> **Task data**:
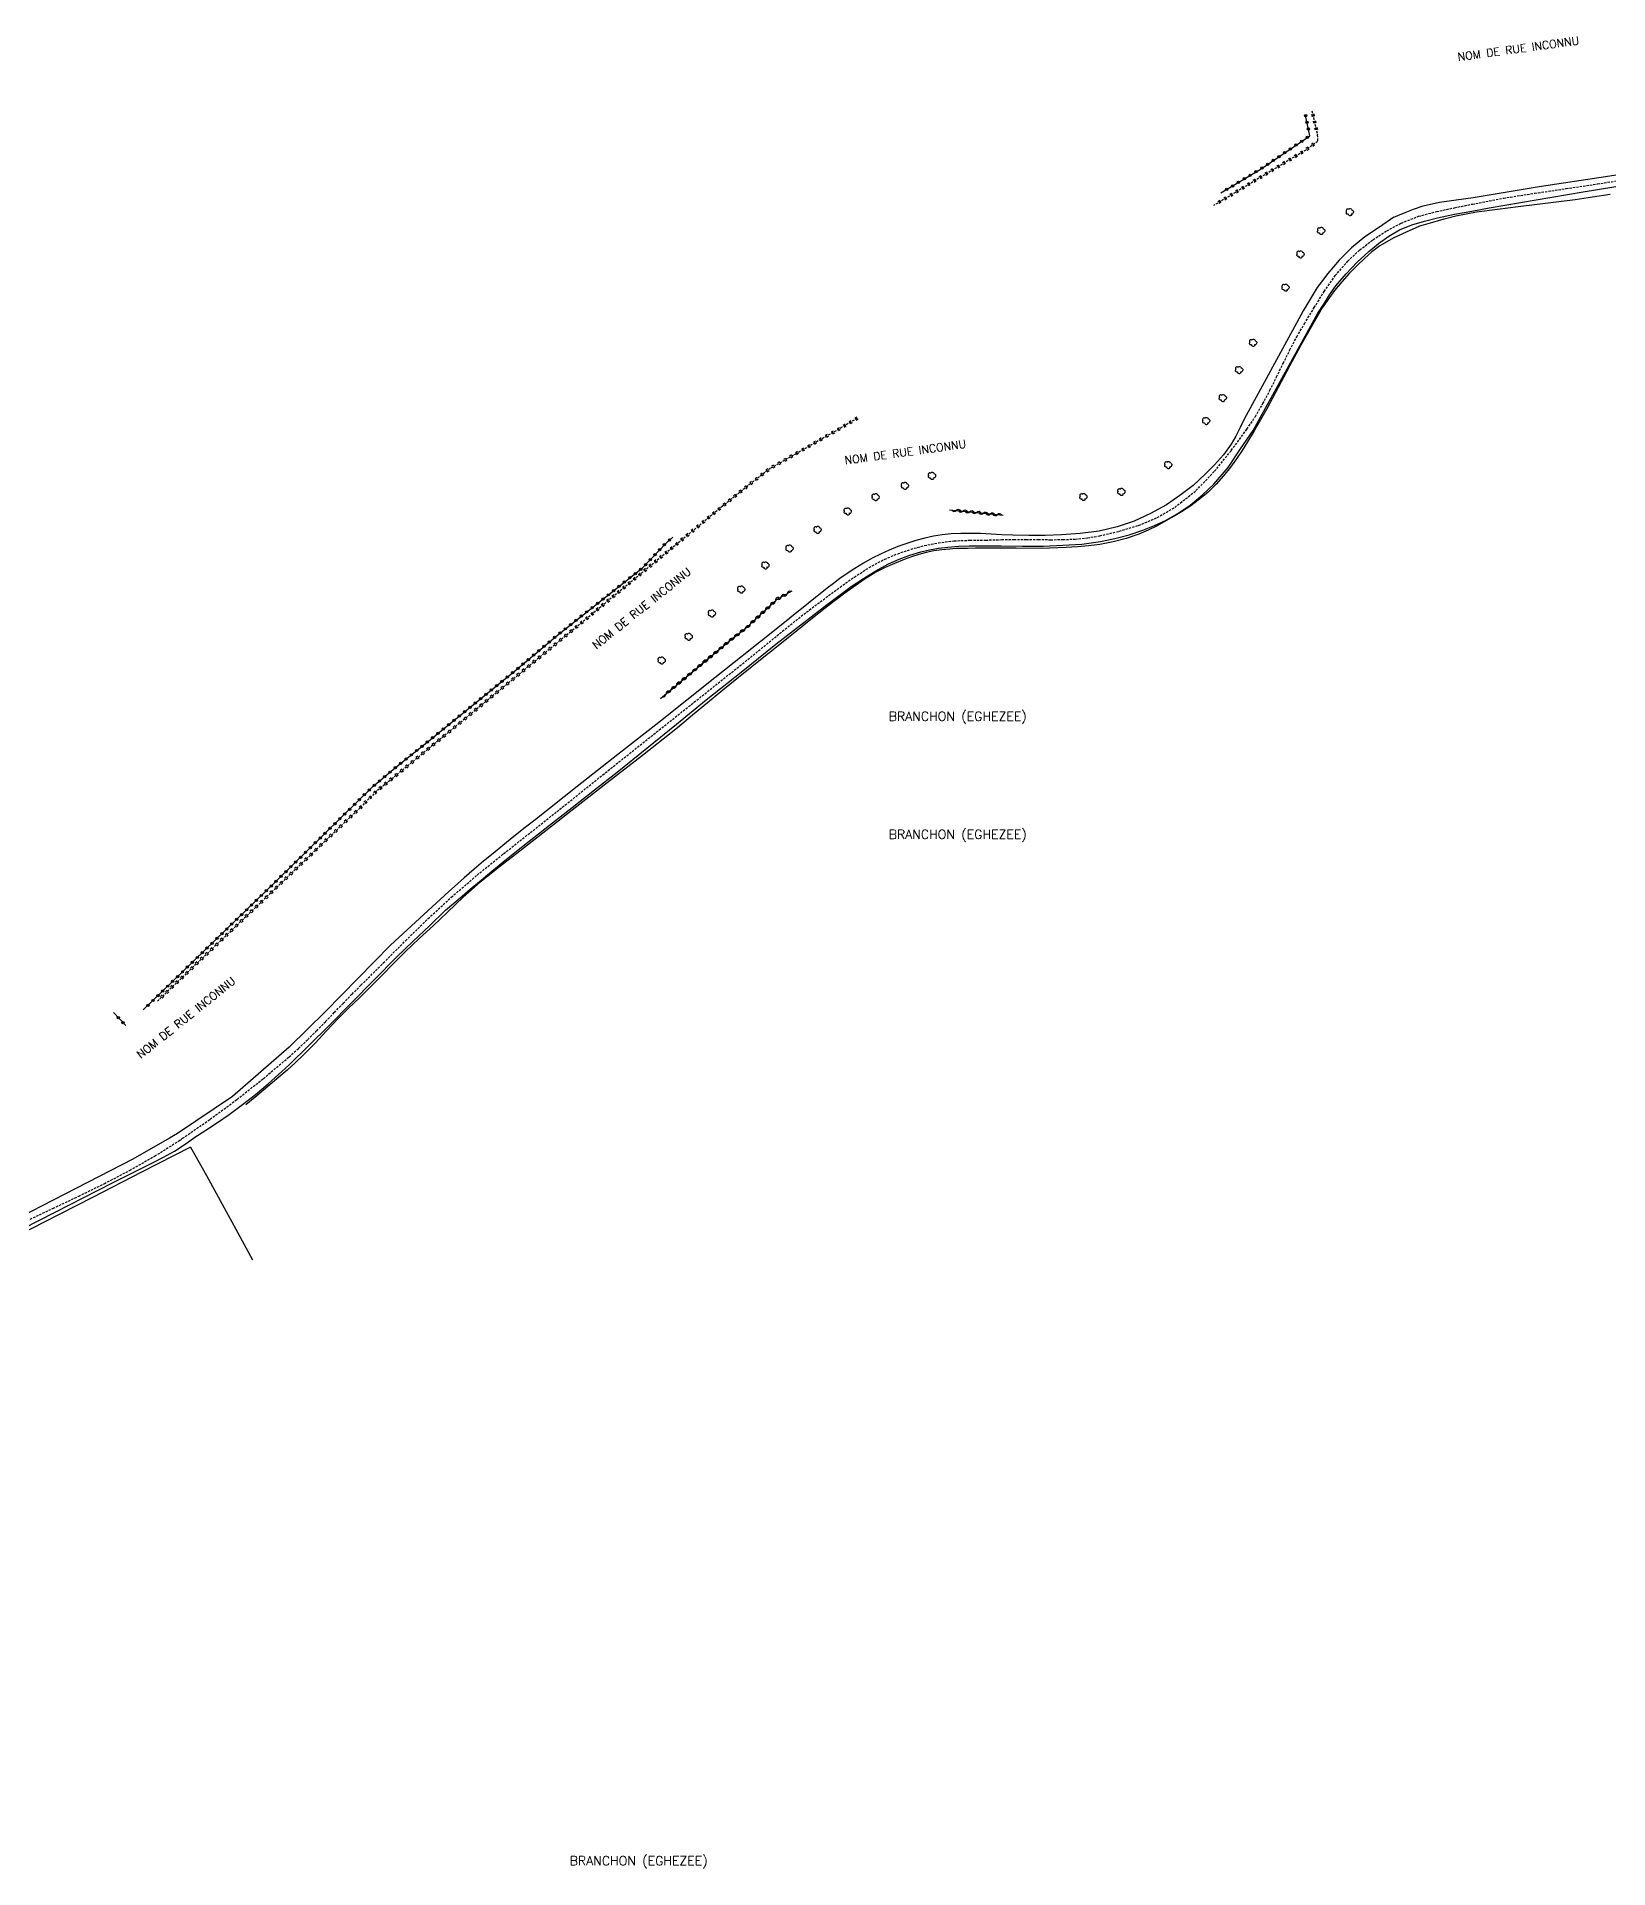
# Model space of a CAD drawing. Header units: millimetres. Extents: x 192000 to 193000, y 146000 to 147000.
# Drawn here: x 192333.2 to 192676.9, y 146011.3 to 146412 of the extents above; entities that cross this region are included whole.
import ezdxf
from ezdxf.enums import TextEntityAlignment as Align

# ---------------------------------------------------------------- set-up
doc = ezdxf.new("R2010")
doc.units = ezdxf.units.MM
doc.linetypes.add('DASHED', pattern=[0.75, 0.5, -0.25])
doc.layers.get('0').update_dxf_attribs({"linetype": 'CONTINUOUS'})
for name, color, linetype in [('W0001', 6, 'DASHED'), ('W0008', 7, 'CONTINUOUS'), ('W0220', 5, 'DASHED'), ('W0300', 7, 'CONTINUOUS'), ('W0310', 3, 'CONTINUOUS'), ('W0323', 7, 'CONTINUOUS'), ('W0330', 7, 'CONTINUOUS'), ('W0980', 7, 'CONTINUOUS'), ('W0989', 7, 'CONTINUOUS')]:
    doc.layers.add(name, color=color, linetype=linetype)
doc.styles.get("Standard").update_dxf_attribs({"font": 'romans.shx', "width": 0.85})

# ---------------------------------------------------------------- blocks, each defined once
blk = doc.blocks.new('T300')
for p, q in [((-0.8, 0.51), (-0.86, 0.34)), ((-0.86, 0.34), (-0.86, 0.17)), ((-0.86, 0.17), (-0.74, 0.06)), ((-0.69, 0.63), (-0.8, 0.51)), ((-0.8, -0.06), (-0.74, 0.06)), ((-0.74, 0.06), (-0.69, 0.11)), ((-0.57, 0.69), (-0.69, 0.63)), ((-0.46, 0.69), (-0.57, 0.69)), ((-0.29, 0.63), (-0.46, 0.69)), ((-0.29, 0.63), (-0.17, 0.74)), ((-0.23, 0.57), (-0.29, 0.63)), ((-0.17, 0.74), (-0.06, 0.8)), ((-0.06, 0.8), (0.06, 0.8)), ((0.06, 0.8), (0.23, 0.74)), ((0.23, 0.74), (0.34, 0.63)), ((0.34, 0.63), (0.4, 0.51)), ((0.46, 0.46), (0.34, 0.46)), ((0.4, 0.51), (0.4, 0.46)), ((0.57, 0.4), (0.46, 0.46)), ((0.57, 0.4), (0.69, 0.29)), ((0.69, 0.29), (0.74, 0.17)), ((0.74, 0.06), (0.69, -0.17)), ((0.74, 0.17), (0.74, 0.06)), ((-0.8, -0.17), (-0.8, -0.06)), ((-0.8, -0.23), (-0.8, -0.17)), ((-0.74, -0.34), (-0.8, -0.23)), ((-0.69, -0.4), (-0.74, -0.34)), ((-0.51, -0.46), (-0.69, -0.4)), ((-0.4, -0.46), (-0.51, -0.46)), ((-0.4, -0.46), (-0.34, -0.46)), ((-0.34, -0.46), (-0.34, -0.4)), ((-0.34, -0.51), (-0.34, -0.46)), ((-0.29, -0.63), (-0.34, -0.51)), ((-0.17, -0.74), (-0.29, -0.63)), ((-0.06, -0.8), (-0.17, -0.74)), ((0.06, -0.8), (-0.06, -0.8)), ((0.17, -0.74), (0.06, -0.8)), ((0.23, -0.69), (0.17, -0.74)), ((0.29, -0.46), (0.23, -0.46)), ((0.29, -0.63), (0.23, -0.69)), ((0.46, -0.4), (0.29, -0.46)), ((0.34, -0.51), (0.29, -0.63)), ((0.34, -0.51), (0.34, -0.46)), ((0.57, -0.34), (0.46, -0.4)), ((0.63, -0.29), (0.57, -0.34)), ((0.69, -0.17), (0.63, -0.29))]:
    blk.add_line(p, q)
blk = doc.blocks.new('t323o')
at = {"color": 0, "linetype": 'Continuous'}
for radius in [0.25, 0.15]:
    blk.add_circle((0, 0), radius, dxfattribs=at)
blk = doc.blocks.new('t310o')
at = {"color": 0, "linetype": 'Continuous'}
for centre, start, end in [((-0.5, 0.38), 216.8699, 323.1304), ((0.5, -0.37), 36.8699, 143.1303)]:
    blk.add_arc(centre, 0.625, start, end, dxfattribs=at)
blk = doc.blocks.new('t220o')
at = {"color": 0, "linetype": 'Continuous'}
for p, q in [((-0.25, 0.25), (0.25, 0.25)), ((-0.25, -0.25), (0.25, -0.25))]:
    blk.add_line(p, q, dxfattribs=at)

msp = doc.modelspace()

# ---------------------------------------------------------------- linework, layer by layer
at = {"layer": 'W0001'}
for points in [[(192365.1, 146171), (192371.14, 146175.16), (192377.04, 146179.52), (192382.79, 146184.07), (192388.4, 146188.81), (192390.46, 146190.67), (192392.48, 146192.58), (192394.45, 146194.54), (192396.39, 146196.53), (192398.31, 146198.53), (192400.23, 146200.53), (192402.17, 146202.52), (192404.13, 146204.48), (192409.01, 146209.35), (192413.88, 146214.23), (192418.81, 146219.06), (192423.88, 146223.74), (192429.53, 146228.58), (192435.32, 146233.26), (192441.16, 146237.86), (192446.98, 146242.48), (192456.95, 146250.47), (192466.94, 146258.43), (192476.94, 146266.37), (192486.93, 146274.32), (192491.61, 146278.09), (192496.26, 146281.91), (192500.96, 146285.66), (192505.77, 146289.27), (192508.87, 146291.53), (192512, 146293.77), (192515.24, 146295.86), (192518.64, 146297.67), (192521.48, 146298.87), (192524.39, 146299.86), (192527.36, 146300.65), (192530.37, 146301.27), (192533.82, 146301.69), (192537.29, 146301.83), (192540.76, 146301.86), (192544.22, 146301.95), (192546.89, 146302.02), (192549.57, 146302.02), (192552.24, 146301.98), (192554.92, 146301.94), (192557.61, 146301.96), (192560.3, 146302.08), (192562.99, 146302.34), (192565.65, 146302.79), (192569.93, 146303.78), (192574.15, 146305.08), (192578.24, 146306.79), (192582.08, 146309.02), (192586.7, 146312.68), (192590.77, 146316.92), (192594.42, 146321.47), (192597.85, 146326.14), (192599.68, 146328.88), (192601.34, 146331.72), (192602.88, 146334.62), (192604.34, 146337.56), (192605.76, 146340.51), (192607.22, 146343.44), (192608.75, 146346.34), (192610.4, 146349.17), (192612.55, 146352.71), (192614.74, 146356.26), (192617.14, 146359.7), (192619.89, 146362.87), (192622.53, 146365.32), (192625.38, 146367.55), (192628.41, 146369.51), (192631.6, 146371.2), (192635.37, 146372.68), (192639.29, 146373.73), (192643.23, 146374.55), (192647.15, 146375.35), (192653.95, 146376.66), (192660.79, 146377.74), (192667.64, 146378.73), (192674.48, 146379.77), (192680.28, 146380.68)], [(192365.1, 146171), (192364.96, 146170.86), (192364.81, 146170.73), (192364.66, 146170.61), (192364.5, 146170.5), (192359.2, 146167.15), (192353.75, 146164.05), (192348.2, 146161.14), (192342.58, 146158.38), (192336.94, 146155.71), (192331.3, 146153.04)]]:
    msp.add_lwpolyline(points, dxfattribs=at)
at = {"layer": 'W0008'}
for points in [[(192629.98, 146372.5), (192632.1, 146373.37), (192634.23, 146374.22), (192636.4, 146374.97), (192639.97, 146375.78), (192643.62, 146376.3), (192647.27, 146376.82), (192661.72, 146379.18), (192676.22, 146381.42), (192690.7, 146383.63)], [(192650.82, 146374.5), (192661.08, 146376.27), (192671.33, 146378.03), (192681.62, 146379.73)], [(192367.48, 146171), (192367.6, 146171.08), (192370.18, 146172.78), (192372.73, 146174.47), (192375.28, 146176.2), (192378.2, 146178.37), (192381.07, 146180.6), (192383.87, 146182.92), (192388.38, 146187.02), (192392.72, 146191.3), (192397.07, 146195.6), (192402.02, 146200.63), (192406.98, 146205.68), (192412, 146210.68), (192415.52, 146214.1), (192419.08, 146217.48), (192422.63, 146220.87), (192424.42, 146222.42), (192426.22, 146223.98), (192428.02, 146225.52), (192430.38, 146227.48), (192432.73, 146229.42), (192435.12, 146231.37), (192438.52, 146234.08), (192441.92, 146236.77), (192445.33, 146239.47), (192450.28, 146243.33), (192455.22, 146247.22), (192460.13, 146251.12), (192466.63, 146256.37), (192473.12, 146261.62), (192479.62, 146266.88), (192487.22, 146273), (192494.83, 146279.08), (192502.53, 146285.08), (192505.47, 146287.3), (192508.38, 146289.5), (192511.32, 146291.7), (192514.02, 146293.42), (192516.7, 146295.12), (192519.5, 146296.63), (192521.78, 146297.67), (192524.13, 146298.57), (192526.52, 146299.28), (192528.47, 146299.72), (192530.43, 146300.07), (192532.42, 146300.32), (192534.78, 146300.5), (192537.13, 146300.58), (192539.52, 146300.62), (192544.13, 146300.62), (192548.77, 146300.5), (192553.38, 146300.53), (192557.57, 146300.72), (192561.72, 146301), (192565.83, 146301.57), (192568.97, 146302.2), (192572.07, 146303), (192575.08, 146304), (192577.63, 146305.03), (192580.17, 146306.23), (192582.57, 146307.6), (192585.4, 146309.53), (192588.1, 146311.72), (192590.6, 146314.07), (192593.72, 146317.77), (192596.47, 146321.8), (192599.22, 146325.83), (192613.37, 146351.47), (192614.63, 146353.48), (192615.92, 146355.5), (192617.3, 146357.47), (192619.52, 146360.12), (192621.92, 146362.63), (192624.5, 146364.97), (192626.63, 146366.7), (192628.88, 146368.32), (192631.23, 146369.7), (192633.9, 146370.78), (192636.68, 146371.6), (192639.5, 146372.32), (192643.23, 146373.17), (192647.03, 146373.82), (192650.82, 146374.5)], [(192629.98, 146372.5), (192626.82, 146370.33), (192623.63, 146368.17), (192620.68, 146365.78), (192618, 146363.08), (192615.52, 146360.18), (192613.23, 146357.12), (192611.63, 146354.58), (192610.17, 146351.97), (192608.68, 146349.33), (192597.23, 146328.33), (192596.33, 146326.48), (192595.43, 146324.62), (192594.42, 146322.83), (192592.7, 146320.5), (192590.78, 146318.32), (192588.72, 146316.27), (192586.07, 146313.83), (192583.2, 146311.6), (192580.22, 146309.6), (192576.78, 146307.68), (192573.18, 146306.03), (192569.48, 146304.73), (192565.5, 146303.83), (192561.4, 146303.33), (192557.28, 146303.02), (192553.73, 146302.87), (192550.18, 146302.87), (192546.63, 146302.92), (192544.28, 146303.02), (192541.93, 146303.17), (192539.58, 146303.27), (192537.43, 146303.3), (192535.3, 146303.3), (192533.18, 146303.2), (192531.23, 146303), (192529.32, 146302.7), (192527.42, 146302.3), (192525.42, 146301.78), (192523.47, 146301.13), (192521.52, 146300.43), (192519.6, 146299.67), (192517.72, 146298.8), (192515.88, 146297.88), (192513.97, 146296.8), (192512.08, 146295.67), (192510.23, 146294.43), (192508.83, 146293.42), (192507.47, 146292.38), (192506.08, 146291.32), (192493.8, 146281.53), (192481.53, 146271.73), (192469.23, 146261.98), (192460.32, 146254.97), (192451.4, 146247.93), (192442.48, 146240.9), (192440.02, 146238.97), (192437.57, 146237), (192435.12, 146235.03), (192433.02, 146233.32), (192430.92, 146231.6), (192428.87, 146229.87), (192426.72, 146228), (192424.6, 146226.1), (192423.37, 146224.98)], [(192423.37, 146224.98), (192410.6, 146213.28), (192396.33, 146198.68), (192388.42, 146190.93), (192376.02, 146180.12), (192364.03, 146172.02), (192362.27, 146171)], [(192362.27, 146171), (192354.27, 146166.42), (192319.47, 146148.57), (192281.1, 146129.13), (192241.78, 146108.5), (192204.08, 146088.87)], [(192204.43, 146085.7), (192222.48, 146095.13), (192240.52, 146104.57), (192258.57, 146114.02), (192270.72, 146120.42), (192282.87, 146126.83), (192295.02, 146133.23), (192309.08, 146140.47), (192323.17, 146147.68), (192337.23, 146154.88), (192343.52, 146158.07), (192349.8, 146161.23), (192356.08, 146164.42), (192358.52, 146165.63), (192360.97, 146166.87), (192363.33, 146168.2), (192364.78, 146169.13), (192366.18, 146170.1), (192367.48, 146171)]]:
    msp.add_lwpolyline(points, dxfattribs=at)
at = {"layer": 'W0220'}
for points in [[(192612.04, 146395.74), (192613.27, 146390.47), (192613.22, 146390.47)], [(192613.22, 146390.47), (192613.3, 146389.03)], [(192613.3, 146389.03), (192610.73, 146387.18), (192590.53, 146375.01)], [(192512.61, 146328.48), (192509.32, 146326.52), (192499.32, 146320.78), (192493.6, 146317.53), (192489.27, 146314.17), (192483.13, 146309.22), (192450.58, 146282.3), (192411.07, 146249.77), (192407.5, 146246.9), (192403.92, 146243.3), (192359.58, 146200.98)]]:
    msp.add_lwpolyline(points, dxfattribs=at)
at = {"layer": 'W0310'}
for points in [[(192532.78, 146308.47), (192544.53, 146307.28)], [(192469.63, 146267.22), (192485.08, 146280.12), (192488.28, 146282.58), (192495.1, 146288.92), (192498.38, 146290.72)]]:
    msp.add_lwpolyline(points, dxfattribs=at)
at = {"layer": 'W0323'}
for points in [[(192611.58, 146390.3), (192610.66, 146394.76)], [(192592.13, 146377.78), (192600.93, 146383.1), (192611.58, 146390.3)], [(192356.48, 146199.07), (192385.67, 146227.33), (192406.73, 146247.97), (192412.03, 146252.38), (192418.13, 146257.3), (192438.07, 146273.48), (192447.08, 146281.08), (192465.68, 146295.8), (192470.9, 146301.28), (192472.33, 146302.47)], [(192352.7, 146195.67), (192350.04, 146198.5)]]:
    msp.add_lwpolyline(points, dxfattribs=at)
at = {"layer": 'W0330'}
for points in [[(192635.92, 146370.68), (192638.47, 146371.42), (192640.98, 146372.13), (192643.53, 146372.8), (192648.07, 146373.63), (192652.62, 146374.23), (192657.18, 146374.8), (192661.33, 146375.33), (192665.48, 146375.83), (192669.63, 146376.38), (192673.43, 146376.93), (192677.23, 146377.52)], [(192635.92, 146370.68), (192632.83, 146369.28), (192629.78, 146367.9), (192626.9, 146366.22), (192625.18, 146364.9), (192623.53, 146363.43), (192621.97, 146361.93), (192620.22, 146360.2)], [(192620.22, 146360.2), (192618.57, 146358.37), (192616.98, 146356.48), (192614.3, 146352.63), (192611.93, 146348.58), (192609.63, 146344.48), (192607.12, 146339.87), (192604.68, 146335.2), (192602.18, 146330.58), (192600.82, 146328.13), (192599.42, 146325.72), (192597.98, 146323.33), (192596.78, 146321.47), (192595.53, 146319.6), (192594.22, 146317.8), (192592.7, 146315.9), (192591.08, 146314.07), (192589.33, 146312.33), (192587.5, 146310.8), (192585.57, 146309.37), (192583.53, 146308.03), (192582.42, 146307.37), (192581.28, 146306.7), (192580.12, 146306.07), (192578.18, 146305), (192576.22, 146304), (192574.22, 146303.12), (192571.43, 146302.18), (192568.57, 146301.47), (192565.67, 146300.9), (192563.22, 146300.58), (192560.78, 146300.38), (192558.32, 146300.22), (192552.88, 146300.03), (192547.42, 146300.08), (192541.97, 146300.1), (192540.22, 146300.08), (192538.48, 146300.07), (192536.73, 146300.03), (192535.43, 146300), (192534.17, 146299.98), (192532.87, 146299.9), (192531.12, 146299.72), (192529.4, 146299.48), (192527.7, 146299.13), (192526.08, 146298.7), (192524.47, 146298.17), (192522.88, 146297.58), (192520.78, 146296.77), (192518.72, 146295.83), (192516.72, 146294.82), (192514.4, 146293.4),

> **Exercise**: Scan the listing above, and wherever a line holds the word "centre", copy it.

> **Solution**:
for centre, start, end in [((-0.5, 0.38), 216.8699, 323.1304), ((0.5, -0.37), 36.8699, 143.1303)]:
    blk.add_arc(centre, 0.625, start, end, dxfattribs=at)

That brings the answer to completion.